Отец как-то смущенно улыбнулся и грустно поглядел на мамину фотокарточку на стене.

— Для вас-то, может, и ничего, конечно… Только плохо у нас, Леонид. Ни постирать, ни обед сварить некому. Ты вон какой костистый — все на сухой корке. Женщину надо в дом. Дело это житейское, вырастешь — поймешь.

— Стирать я и сам могу, — сказал я. — А обед бабка Ликановна варит же.

Отец грустно улыбнулся:

— Стирать — дело тонкое. Не мужское дело. Колки на пальцах посшибаешь. А обед не век нам Ликановна варить будет. Если бы это своя бабка была…

— Подумаешь, можно и в грязном походить, — не сдавался я. — И обед сами сварим.

— Эх, ты… — потрепал мои вихры отец и надолго замолчал.

Учеба отцу давалась туго, особенно арифметика, — с дробями он никак не мог сладить.

— Легче в атаку сходить, чем с этими дробями, — огорчался он. — Вот наука! Поди, самая трудная, а?

Видя, как быстро справляюсь с дробями я, восхищался:

— Щелкаешь, как семечки. В детстве-то мозги помягче, на них быстрее отпечатывается.

Но, несмотря на трудности, отец упорно сидел за учебниками. Он даже немецкий язык стал учить.

— Перепутали немцы всё, — говорил отец. — «Да» по-ихнему будет «я», а наше «я» по-ихнему будет «их». Если приловчиться, то быстро можно запомнить. Только вот память у меня дырявая на это. А ты, Ленька, учись, образовывайся, обо всем узнавай.

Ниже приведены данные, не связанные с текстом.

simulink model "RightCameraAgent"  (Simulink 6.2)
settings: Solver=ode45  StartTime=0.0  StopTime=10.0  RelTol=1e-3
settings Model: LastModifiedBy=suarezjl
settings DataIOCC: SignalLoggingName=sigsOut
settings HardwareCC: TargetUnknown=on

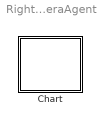
== system RightCameraAgent ==
  Chart : Stateflow chart

== stateflow chart Chart ==
  state Initial
    \\Sally\CogDemo\HeadModule\RightCameraAgent\FrameGrabber.Initialize()
    \\Sally\CogDemo\HeadModule\RightCameraAgent\FrameGrabber.ObtainImage()
    \\Sally\CogDemo\HeadModule\RightCameraAgent\FrameGrabber.ObtainImage()
    \\Sally\CogDemo\HeadModule\RightCameraAgent\ColorBarney.Initialize()
    \\Sally\CogDemo\HeadModule\RightCameraAgent\ColorBarney.LoadColorModel()
    \\Sally\CogDemo\HeadModule\RightCameraAgent\ColorBlue.Initialize()
    \\Sally\CogDemo\HeadModule\RightCameraAgent\ColorBlue.LoadColorModel()
    \\Sally\CogDemo\HeadModule\RightCameraAgent\ColorRed.Initialize()
    \\Sally\CogDemo\HeadModule\RightCameraAgent\ColorRed.LoadColorModel()
  state Segmentation
    \\Sally\CogDemo\HeadModule\RightCameraAgent\FrameGrabber.ObtainImage()
    \\Sally\CogDemo\HeadModule\RightCameraAgent\ColorBarney.DoSegment()
    \\Sally\CogDemo\HeadModule\RightCameraAgent\ColorBlue.DoSegment()
    \\Sally\CogDemo\HeadModule\RightCameraAgent\ColorRed.DoSegment()
  (default) -> Initial : Start
  Initial -> Segmentation : Always
  Segmentation -> Segmentation : Always
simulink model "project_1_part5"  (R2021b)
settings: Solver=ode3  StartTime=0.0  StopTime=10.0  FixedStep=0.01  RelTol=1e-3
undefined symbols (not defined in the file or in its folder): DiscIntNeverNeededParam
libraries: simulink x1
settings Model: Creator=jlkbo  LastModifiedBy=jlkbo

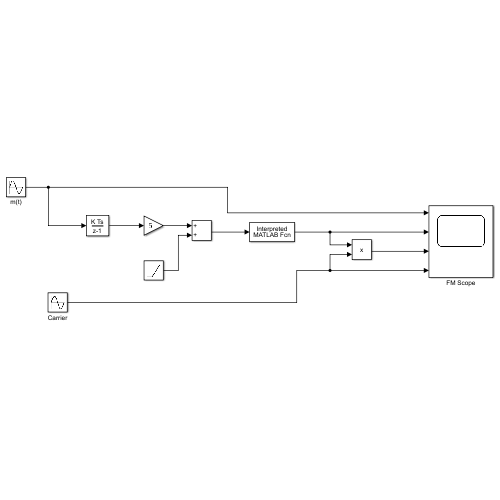
[thumbnail: Simulink's stored preview of the top-level diagram]
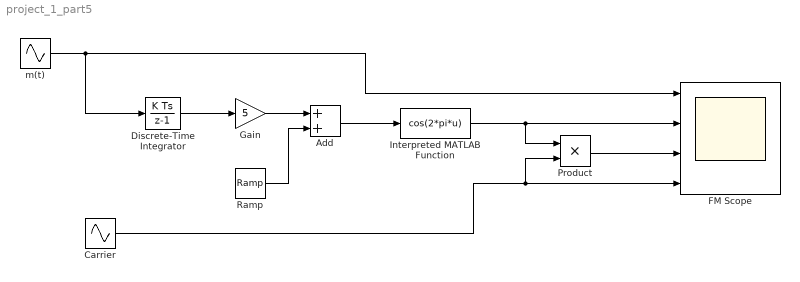
== system project_1_part5 ==
  Add : Sum
  Carrier : Sin  Frequency=25  SampleTime=0
  Discrete-Time Integrator : DiscreteIntegrator  SampleTime=-1  ICPrevOutput=DiscIntNeverNeededParam  ICPrevScaledInput=DiscIntNeverNeededParam
  FM Scope : Scope  NumInputPorts=4
  Gain : Gain  Gain=5
  Interpreted MATLAB Function : MATLABFcn  MATLABFcn=cos(2*pi*u)
  Product : Product
  Ramp : simulink/Sources/Ramp  slope=10  start=0  InitialOutput=0
  m(t) : Sin  Amplitude=2  Frequency=2*pi  SampleTime=0
  wires:
  Gain/1 -> Add/1
  m(t)/1 -> Discrete-Time Integrator/1, FM Scope/1
  Carrier/1 -> Product/2, FM Scope/4
  Discrete-Time Integrator/1 -> Gain/1
  Ramp/1 -> Add/2
  Add/1 -> Interpreted MATLAB Function/1
  Interpreted MATLAB Function/1 -> Product/1, FM Scope/2
  Product/1 -> FM Scope/3

Поощрял отец и мое увлечение рисованием, но и тут принимал не все. Когда я рисовал комиссаров, или Чапаева, или бой с белополяками, отец хотя и крякал при виде моей беспомощной мазни, но говорил: «Хорошо. Рисуй классовую борьбу». Одобрял и мои живописные наброски: поле, сенокос, нашу баню. Но однажды увидел, как я старательно перерисовываю с открытки «Явление отроку Варфоломею» Нестерова, сердито засопел:

— Место тут красивое нарисовано, а вот монах этот к чему? Опиум народа. Брось ты эту картинку!

Я сказал, что Надежда Федоровна называет такие картинки произведением искусства.

— Какое это искусство? — удивился отец. — Поповская пропаганда это. Кабы этого монаха расстрелять, тогда бы произведение искусства было. А так ты докатишься — царей рисовать начнешь.